From the My Models page, toggle a model to "Disabled" to immediately block all inference requests. The model remains registered but returns 403 to any consumer. Re-enable it at any time.

---

## Error Handling

### Error format

```json
{
  "error": {
    "message": "Description of what went wrong",
    "type": "invalid_request_error",
    "code": "invalid_request"
  }
}
```

### HTTP status codes

| Status | Code              | Description                                    |
|--------|-------------------|------------------------------------------------|
| 400    | invalid_request   | Malformed JSON or missing required fields      |
| 401    | unauthorized      | Missing or invalid API key                     |
| 403    | forbidden         | API key not scoped to the requested model, or model disabled |
| 429    | rate_limit        | Monthly request limit exceeded                 |
| 502    | provider_error    | The upstream provider returned an error        |
| 503    | providers_busy    | All providers are busy, retry later            |

### Streaming errors

If an error occurs mid-stream, it is sent as a `data: [ERROR] ...` event. The client should handle this gracefully and may retry the request.
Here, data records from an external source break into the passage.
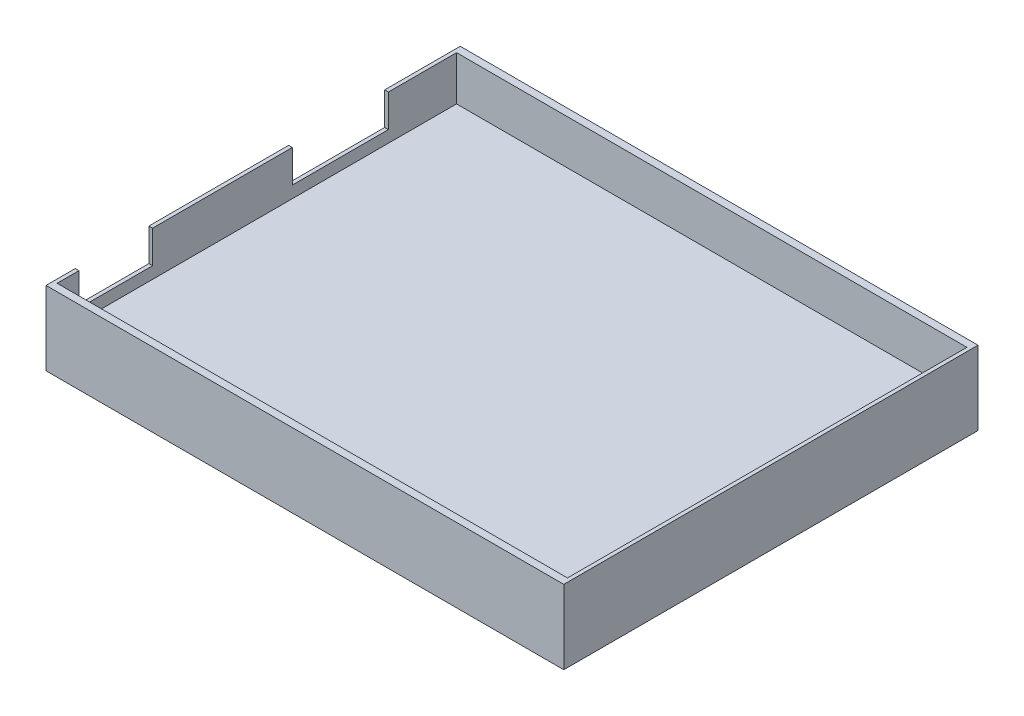
ISO-10303-21;
HEADER;
FILE_DESCRIPTION(('STEP AP214'),'2;1');
FILE_NAME('part.step','',(''),(''),'','','');
FILE_SCHEMA(('AUTOMOTIVE_DESIGN { 1 0 10303 214 1 1 1 1 }'));
ENDSEC;
DATA;
#1=APPLICATION_CONTEXT('core data for automotive mechanical design processes');
#2=APPLICATION_PROTOCOL_DEFINITION('international standard','automotive_design',2000,#1);
#3=PRODUCT_CONTEXT('',#1,'mechanical');
#4=PRODUCT('Part','Part','',(#3));
#5=PRODUCT_RELATED_PRODUCT_CATEGORY('part','',(#4));
#6=PRODUCT_DEFINITION_FORMATION('','',#4);
#7=PRODUCT_DEFINITION_CONTEXT('part definition',#1,'design');
#8=PRODUCT_DEFINITION('design','',#6,#7);
#9=PRODUCT_DEFINITION_SHAPE('','',#8);
#10=(LENGTH_UNIT() NAMED_UNIT(*) SI_UNIT(.MILLI.,.METRE.));
#11=(NAMED_UNIT(*) PLANE_ANGLE_UNIT() SI_UNIT($,.RADIAN.));
#12=(NAMED_UNIT(*) SI_UNIT($,.STERADIAN.) SOLID_ANGLE_UNIT());
#13=UNCERTAINTY_MEASURE_WITH_UNIT(LENGTH_MEASURE(1.E-05),#10,'distance_accuracy_value','');
#14=(GEOMETRIC_REPRESENTATION_CONTEXT(3) GLOBAL_UNCERTAINTY_ASSIGNED_CONTEXT((#13)) GLOBAL_UNIT_ASSIGNED_CONTEXT((#10,
#11,#12)) REPRESENTATION_CONTEXT('',''));
#15=CARTESIAN_POINT('',(0.,0.,0.));
#16=DIRECTION('',(0.,0.,1.));
#17=DIRECTION('',(1.,0.,0.));
#18=AXIS2_PLACEMENT_3D('',#15,#16,#17);
#19=CARTESIAN_POINT('',(0.,10.,0.));
#20=DIRECTION('',(0.,-1.,0.));
#21=DIRECTION('',(0.,0.,-1.));
#22=AXIS2_PLACEMENT_3D('',#19,#20,#21);
#23=PLANE('',#22);
#24=DIRECTION('',(0.,0.,1.));
#25=VECTOR('',#24,1.);
#26=CARTESIAN_POINT('',(-34.5,10.,27.));
#27=LINE('',#26,#25);
#28=CARTESIAN_POINT('',(-34.5,10.,-4.79624898113309));
#29=VERTEX_POINT('',#28);
#30=CARTESIAN_POINT('',(-34.5,10.,14.096419397395));
#31=VERTEX_POINT('',#30);
#32=EDGE_CURVE('E233',#29,#31,#27,.T.);
#33=ORIENTED_EDGE('',*,*,#32,.F.);
#34=DIRECTION('',(-1.,0.,0.));
#35=VECTOR('',#34,1.);
#36=CARTESIAN_POINT('',(0.,10.,-4.79624898113309));
#37=LINE('',#36,#35);
#38=CARTESIAN_POINT('',(-35.,10.,-4.79624898113309));
#39=VERTEX_POINT('',#38);
#40=EDGE_CURVE('E205',#29,#39,#37,.T.);
#41=ORIENTED_EDGE('',*,*,#40,.T.);
#42=DIRECTION('',(0.,0.,1.));
#43=VECTOR('',#42,1.);
#44=CARTESIAN_POINT('',(-35.,10.,28.));
#45=LINE('',#44,#43);
#46=CARTESIAN_POINT('',(-35.,10.,14.096419397395));
#47=VERTEX_POINT('',#46);
#48=EDGE_CURVE('E270',#39,#47,#45,.T.);
#49=ORIENTED_EDGE('',*,*,#48,.T.);
#50=DIRECTION('',(1.,0.,0.));
#51=VECTOR('',#50,1.);
#52=CARTESIAN_POINT('',(0.,10.,14.096419397395));
#53=LINE('',#52,#51);
#54=EDGE_CURVE('E179',#47,#31,#53,.T.);
#55=ORIENTED_EDGE('',*,*,#54,.T.);
#56=EDGE_LOOP('',(#33,#41,#49,#55));
#57=FACE_BOUND('',#56,.T.);
#58=ADVANCED_FACE('F38',(#57),#23,.F.);
#59=CARTESIAN_POINT('',(35.,10.,28.));
#60=DIRECTION('',(-1.,0.,0.));
#61=DIRECTION('',(0.,0.,1.));
#62=AXIS2_PLACEMENT_3D('',#59,#60,#61);
#63=PLANE('',#62);
#64=DIRECTION('',(0.,0.,-1.));
#65=VECTOR('',#64,1.);
#66=CARTESIAN_POINT('',(35.,0.,28.));
#67=LINE('',#66,#65);
#68=CARTESIAN_POINT('',(35.,0.,28.));
#69=VERTEX_POINT('',#68);
#70=CARTESIAN_POINT('',(35.,0.,-28.));
#71=VERTEX_POINT('',#70);
#72=EDGE_CURVE('E247',#69,#71,#67,.T.);
#73=ORIENTED_EDGE('',*,*,#72,.T.);
#74=DIRECTION('',(0.,-1.,0.));
#75=VECTOR('',#74,1.);
#76=CARTESIAN_POINT('',(35.,10.,-28.));
#77=LINE('',#76,#75);
#78=CARTESIAN_POINT('',(35.,10.,-28.));
#79=VERTEX_POINT('',#78);
#80=EDGE_CURVE('E296',#79,#71,#77,.T.);
#81=ORIENTED_EDGE('',*,*,#80,.F.);
#82=DIRECTION('',(0.,0.,-1.));
#83=VECTOR('',#82,1.);
#84=CARTESIAN_POINT('',(35.,10.,28.));
#85=LINE('',#84,#83);
#86=CARTESIAN_POINT('',(35.,10.,28.));
#87=VERTEX_POINT('',#86);
#88=EDGE_CURVE('E257',#87,#79,#85,.T.);
#89=ORIENTED_EDGE('',*,*,#88,.F.);
#90=DIRECTION('',(0.,-1.,0.));
#91=VECTOR('',#90,1.);
#92=CARTESIAN_POINT('',(35.,10.,28.));
#93=LINE('',#92,#91);
#94=EDGE_CURVE('E273',#87,#69,#93,.T.);
#95=ORIENTED_EDGE('',*,*,#94,.T.);
#96=EDGE_LOOP('',(#73,#81,#89,#95));
#97=FACE_BOUND('',#96,.T.);
#98=ADVANCED_FACE('F40',(#97),#63,.F.);
#99=CARTESIAN_POINT('',(-35.,10.,-28.));
#100=DIRECTION('',(0.,0.,1.));
#101=DIRECTION('',(1.,0.,0.));
#102=AXIS2_PLACEMENT_3D('',#99,#100,#101);
#103=PLANE('',#102);
#104=DIRECTION('',(-1.,0.,0.));
#105=VECTOR('',#104,1.);
#106=CARTESIAN_POINT('',(-35.,0.,-28.));
#107=LINE('',#106,#105);
#108=CARTESIAN_POINT('',(-35.,0.,-28.));
#109=VERTEX_POINT('',#108);
#110=EDGE_CURVE('E277',#71,#109,#107,.T.);
#111=ORIENTED_EDGE('',*,*,#110,.T.);
#112=DIRECTION('',(0.,-1.,0.));
#113=VECTOR('',#112,1.);
#114=CARTESIAN_POINT('',(-35.,10.,-28.));
#115=LINE('',#114,#113);
#116=CARTESIAN_POINT('',(-35.,10.,-28.));
#117=VERTEX_POINT('',#116);
#118=EDGE_CURVE('E292',#117,#109,#115,.T.);
#119=ORIENTED_EDGE('',*,*,#118,.F.);
#120=DIRECTION('',(-1.,0.,0.));
#121=VECTOR('',#120,1.);
#122=CARTESIAN_POINT('',(-35.,10.,-28.));
#123=LINE('',#122,#121);
#124=EDGE_CURVE('E261',#79,#117,#123,.T.);
#125=ORIENTED_EDGE('',*,*,#124,.F.);
#126=ORIENTED_EDGE('',*,*,#80,.T.);
#127=EDGE_LOOP('',(#111,#119,#125,#126));
#128=FACE_BOUND('',#127,.T.);
#129=ADVANCED_FACE('F381',(#128),#103,.F.);
#130=CARTESIAN_POINT('',(-35.,10.,28.));
#131=DIRECTION('',(1.,0.,0.));
#132=DIRECTION('',(0.,0.,-1.));
#133=AXIS2_PLACEMENT_3D('',#130,#131,#132);
#134=PLANE('',#133);
#135=ORIENTED_EDGE('',*,*,#48,.F.);
#136=DIRECTION('',(0.,1.,0.));
#137=VECTOR('',#136,1.);
#138=CARTESIAN_POINT('',(-35.,16.3548620356426,-4.79624898113309));
#139=LINE('',#138,#137);
#140=CARTESIAN_POINT('',(-35.,5.6,-4.79624898113309));
#141=VERTEX_POINT('',#140);
#142=EDGE_CURVE('E170',#141,#39,#139,.T.);
#143=ORIENTED_EDGE('',*,*,#142,.F.);
#144=DIRECTION('',(0.,0.,1.));
#145=VECTOR('',#144,1.);
#146=CARTESIAN_POINT('',(-35.,5.6,-4.79624898113309));
#147=LINE('',#146,#145);
#148=CARTESIAN_POINT('',(-35.,5.6,-17.7896473127418));
#149=VERTEX_POINT('',#148);
#150=EDGE_CURVE('E154',#149,#141,#147,.T.);
#151=ORIENTED_EDGE('',*,*,#150,.F.);
#152=DIRECTION('',(0.,-1.,0.));
#153=VECTOR('',#152,1.);
#154=CARTESIAN_POINT('',(-35.,16.3548620356426,-17.7896473127418));
#155=LINE('',#154,#153);
#156=CARTESIAN_POINT('',(-35.,10.,-17.7896473127418));
#157=VERTEX_POINT('',#156);
#158=EDGE_CURVE('E162',#157,#149,#155,.T.);
#159=ORIENTED_EDGE('',*,*,#158,.F.);
#160=EDGE_CURVE('E266',#117,#157,#45,.T.);
#161=ORIENTED_EDGE('',*,*,#160,.F.);
#162=ORIENTED_EDGE('',*,*,#118,.T.);
#163=DIRECTION('',(0.,0.,1.));
#164=VECTOR('',#163,1.);
#165=CARTESIAN_POINT('',(-35.,0.,28.));
#166=LINE('',#165,#164);
#167=CARTESIAN_POINT('',(-35.,0.,28.));
#168=VERTEX_POINT('',#167);
#169=EDGE_CURVE('E280',#109,#168,#166,.T.);
#170=ORIENTED_EDGE('',*,*,#169,.T.);
#171=DIRECTION('',(0.,-1.,0.));
#172=VECTOR('',#171,1.);
#173=CARTESIAN_POINT('',(-35.,10.,28.));
#174=LINE('',#173,#172);
#175=CARTESIAN_POINT('',(-35.,10.,28.));
#176=VERTEX_POINT('',#175);
#177=EDGE_CURVE('E288',#176,#168,#174,.T.);
#178=ORIENTED_EDGE('',*,*,#177,.F.);
#179=CARTESIAN_POINT('',(-35.,10.,24.0501544575814));
#180=VERTEX_POINT('',#179);
#181=EDGE_CURVE('E265',#180,#176,#45,.T.);
#182=ORIENTED_EDGE('',*,*,#181,.F.);
#183=DIRECTION('',(0.,1.,0.));
#184=VECTOR('',#183,1.);
#185=CARTESIAN_POINT('',(-35.,16.1,24.0501544575814));
#186=LINE('',#185,#184);
#187=CARTESIAN_POINT('',(-35.,5.6,24.0501544575814));
#188=VERTEX_POINT('',#187);
#189=EDGE_CURVE('E181',#188,#180,#186,.T.);
#190=ORIENTED_EDGE('',*,*,#189,.F.);
#191=DIRECTION('',(0.,0.,1.));
#192=VECTOR('',#191,1.);
#193=CARTESIAN_POINT('',(-35.,5.6,24.0501544575814));
#194=LINE('',#193,#192);
#195=CARTESIAN_POINT('',(-35.,5.6,14.096419397395));
#196=VERTEX_POINT('',#195);
#197=EDGE_CURVE('E187',#196,#188,#194,.T.);
#198=ORIENTED_EDGE('',*,*,#197,.F.);
#199=DIRECTION('',(0.,-1.,0.));
#200=VECTOR('',#199,1.);
#201=CARTESIAN_POINT('',(-35.,16.1,14.096419397395));
#202=LINE('',#201,#200);
#203=EDGE_CURVE('E184',#47,#196,#202,.T.);
#204=ORIENTED_EDGE('',*,*,#203,.F.);
#205=EDGE_LOOP('',(#135,#143,#151,#159,#161,#162,#170,#178,#182,#190,#198,#204));
#206=FACE_BOUND('',#205,.T.);
#207=ADVANCED_FACE('F173',(#206),#134,.F.);
#208=CARTESIAN_POINT('',(-35.,10.,28.));
#209=DIRECTION('',(0.,0.,-1.));
#210=DIRECTION('',(-1.,0.,0.));
#211=AXIS2_PLACEMENT_3D('',#208,#209,#210);
#212=PLANE('',#211);
#213=DIRECTION('',(1.,0.,0.));
#214=VECTOR('',#213,1.);
#215=CARTESIAN_POINT('',(-35.,0.,28.));
#216=LINE('',#215,#214);
#217=EDGE_CURVE('E262',#168,#69,#216,.T.);
#218=ORIENTED_EDGE('',*,*,#217,.T.);
#219=ORIENTED_EDGE('',*,*,#94,.F.);
#220=DIRECTION('',(1.,0.,0.));
#221=VECTOR('',#220,1.);
#222=CARTESIAN_POINT('',(-35.,10.,28.));
#223=LINE('',#222,#221);
#224=EDGE_CURVE('E269',#176,#87,#223,.T.);
#225=ORIENTED_EDGE('',*,*,#224,.F.);
#226=ORIENTED_EDGE('',*,*,#177,.T.);
#227=EDGE_LOOP('',(#218,#219,#225,#226));
#228=FACE_BOUND('',#227,.T.);
#229=ADVANCED_FACE('F333',(#228),#212,.F.);
#230=ORIENTED_EDGE('',*,*,#160,.T.);
#231=DIRECTION('',(1.,0.,0.));
#232=VECTOR('',#231,1.);
#233=CARTESIAN_POINT('',(0.,10.,-17.7896473127418));
#234=LINE('',#233,#232);
#235=CARTESIAN_POINT('',(-34.5,10.,-17.7896473127418));
#236=VERTEX_POINT('',#235);
#237=EDGE_CURVE('E165',#157,#236,#234,.T.);
#238=ORIENTED_EDGE('',*,*,#237,.T.);
#239=CARTESIAN_POINT('',(-34.5,10.,-27.));
#240=VERTEX_POINT('',#239);
#241=EDGE_CURVE('E228',#240,#236,#27,.T.);
#242=ORIENTED_EDGE('',*,*,#241,.F.);
#243=DIRECTION('',(-1.,0.,0.));
#244=VECTOR('',#243,1.);
#245=CARTESIAN_POINT('',(34.5,10.,-27.));
#246=LINE('',#245,#244);
#247=CARTESIAN_POINT('',(34.5,10.,-27.));
#248=VERTEX_POINT('',#247);
#249=EDGE_CURVE('E215',#248,#240,#246,.T.);
#250=ORIENTED_EDGE('',*,*,#249,.F.);
#251=DIRECTION('',(0.,0.,-1.));
#252=VECTOR('',#251,1.);
#253=CARTESIAN_POINT('',(34.5,10.,27.));
#254=LINE('',#253,#252);
#255=CARTESIAN_POINT('',(34.5,10.,27.));
#256=VERTEX_POINT('',#255);
#257=EDGE_CURVE('E237',#256,#248,#254,.T.);
#258=ORIENTED_EDGE('',*,*,#257,.F.);
#259=DIRECTION('',(1.,0.,0.));
#260=VECTOR('',#259,1.);
#261=CARTESIAN_POINT('',(34.5,10.,27.));
#262=LINE('',#261,#260);
#263=CARTESIAN_POINT('',(-34.5,10.,27.));
#264=VERTEX_POINT('',#263);
#265=EDGE_CURVE('E232',#264,#256,#262,.T.);
#266=ORIENTED_EDGE('',*,*,#265,.F.);
#267=CARTESIAN_POINT('',(-34.5,10.,24.0501544575814));
#268=VERTEX_POINT('',#267);
#269=EDGE_CURVE('E209',#268,#264,#27,.T.);
#270=ORIENTED_EDGE('',*,*,#269,.F.);
#271=DIRECTION('',(-1.,0.,0.));
#272=VECTOR('',#271,1.);
#273=CARTESIAN_POINT('',(0.,10.,24.0501544575814));
#274=LINE('',#273,#272);
#275=EDGE_CURVE('E199',#268,#180,#274,.T.);
#276=ORIENTED_EDGE('',*,*,#275,.T.);
#277=ORIENTED_EDGE('',*,*,#181,.T.);
#278=ORIENTED_EDGE('',*,*,#224,.T.);
#279=ORIENTED_EDGE('',*,*,#88,.T.);
#280=ORIENTED_EDGE('',*,*,#124,.T.);
#281=EDGE_LOOP('',(#230,#238,#242,#250,#258,#266,#270,#276,#277,#278,#279,#280));
#282=FACE_BOUND('',#281,.T.);
#283=ADVANCED_FACE('F321',(#282),#23,.F.);
#284=CARTESIAN_POINT('',(0.,0.,0.));
#285=DIRECTION('',(0.,-1.,0.));
#286=DIRECTION('',(0.,0.,-1.));
#287=AXIS2_PLACEMENT_3D('',#284,#285,#286);
#288=PLANE('',#287);
#289=ORIENTED_EDGE('',*,*,#72,.F.);
#290=ORIENTED_EDGE('',*,*,#217,.F.);
#291=ORIENTED_EDGE('',*,*,#169,.F.);
#292=ORIENTED_EDGE('',*,*,#110,.F.);
#293=EDGE_LOOP('',(#289,#290,#291,#292));
#294=FACE_BOUND('',#293,.T.);
#295=ADVANCED_FACE('F330',(#294),#288,.T.);
#296=CARTESIAN_POINT('',(-34.5,4.,27.));
#297=DIRECTION('',(-1.,0.,0.));
#298=DIRECTION('',(0.,0.,1.));
#299=AXIS2_PLACEMENT_3D('',#296,#297,#298);
#300=PLANE('',#299);
#301=DIRECTION('',(0.,0.,1.));
#302=VECTOR('',#301,1.);
#303=CARTESIAN_POINT('',(-34.5,5.6,27.));
#304=LINE('',#303,#302);
#305=CARTESIAN_POINT('',(-34.5,5.6,-17.7896473127418));
#306=VERTEX_POINT('',#305);
#307=CARTESIAN_POINT('',(-34.5,5.6,-4.79624898113309));
#308=VERTEX_POINT('',#307);
#309=EDGE_CURVE('E47',#306,#308,#304,.T.);
#310=ORIENTED_EDGE('',*,*,#309,.T.);
#311=DIRECTION('',(0.,1.,0.));
#312=VECTOR('',#311,1.);
#313=CARTESIAN_POINT('',(-34.5,4.,-4.79624898113309));
#314=LINE('',#313,#312);
#315=EDGE_CURVE('E11',#308,#29,#314,.T.);
#316=ORIENTED_EDGE('',*,*,#315,.T.);
#317=ORIENTED_EDGE('',*,*,#32,.T.);
#318=DIRECTION('',(0.,-1.,0.));
#319=VECTOR('',#318,1.);
#320=CARTESIAN_POINT('',(-34.5,4.,14.096419397395));
#321=LINE('',#320,#319);
#322=CARTESIAN_POINT('',(-34.5,5.6,14.096419397395));
#323=VERTEX_POINT('',#322);
#324=EDGE_CURVE('E300',#31,#323,#321,.T.);
#325=ORIENTED_EDGE('',*,*,#324,.T.);
#326=DIRECTION('',(0.,0.,1.));
#327=VECTOR('',#326,1.);
#328=CARTESIAN_POINT('',(-34.5,5.6,27.));
#329=LINE('',#328,#327);
#330=CARTESIAN_POINT('',(-34.5,5.6,24.0501544575814));
#331=VERTEX_POINT('',#330);
#332=EDGE_CURVE('E304',#323,#331,#329,.T.);
#333=ORIENTED_EDGE('',*,*,#332,.T.);
#334=DIRECTION('',(0.,1.,0.));
#335=VECTOR('',#334,1.);
#336=CARTESIAN_POINT('',(-34.5,4.,24.0501544575814));
#337=LINE('',#336,#335);
#338=EDGE_CURVE('E308',#331,#268,#337,.T.);
#339=ORIENTED_EDGE('',*,*,#338,.T.);
#340=ORIENTED_EDGE('',*,*,#269,.T.);
#341=DIRECTION('',(0.,1.,0.));
#342=VECTOR('',#341,1.);
#343=CARTESIAN_POINT('',(-34.5,4.,27.));
#344=LINE('',#343,#342);
#345=CARTESIAN_POINT('',(-34.5,4.,27.));
#346=VERTEX_POINT('',#345);
#347=EDGE_CURVE('E227',#346,#264,#344,.T.);
#348=ORIENTED_EDGE('',*,*,#347,.F.);
#349=DIRECTION('',(0.,0.,1.));
#350=VECTOR('',#349,1.);
#351=CARTESIAN_POINT('',(-34.5,4.,27.));
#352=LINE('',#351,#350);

### Common troubleshooting

- **"No models available"** — Your CLI may have disconnected. Check that `cllmhub publish` is still running. Models are removed after ~120 seconds of missed heartbeats.
- **"403 Forbidden"** — Your API key is not scoped to the requested model, or the model owner has disabled it.
- **"502 Bad Gateway"** — The provider's backend (Ollama, vLLM, etc.) may have crashed or be unresponsive. Check the provider machine.
- **"429 Too Many Requests"** — You have exceeded your tier's monthly request limit. Upgrade your plan or wait for the next billing period.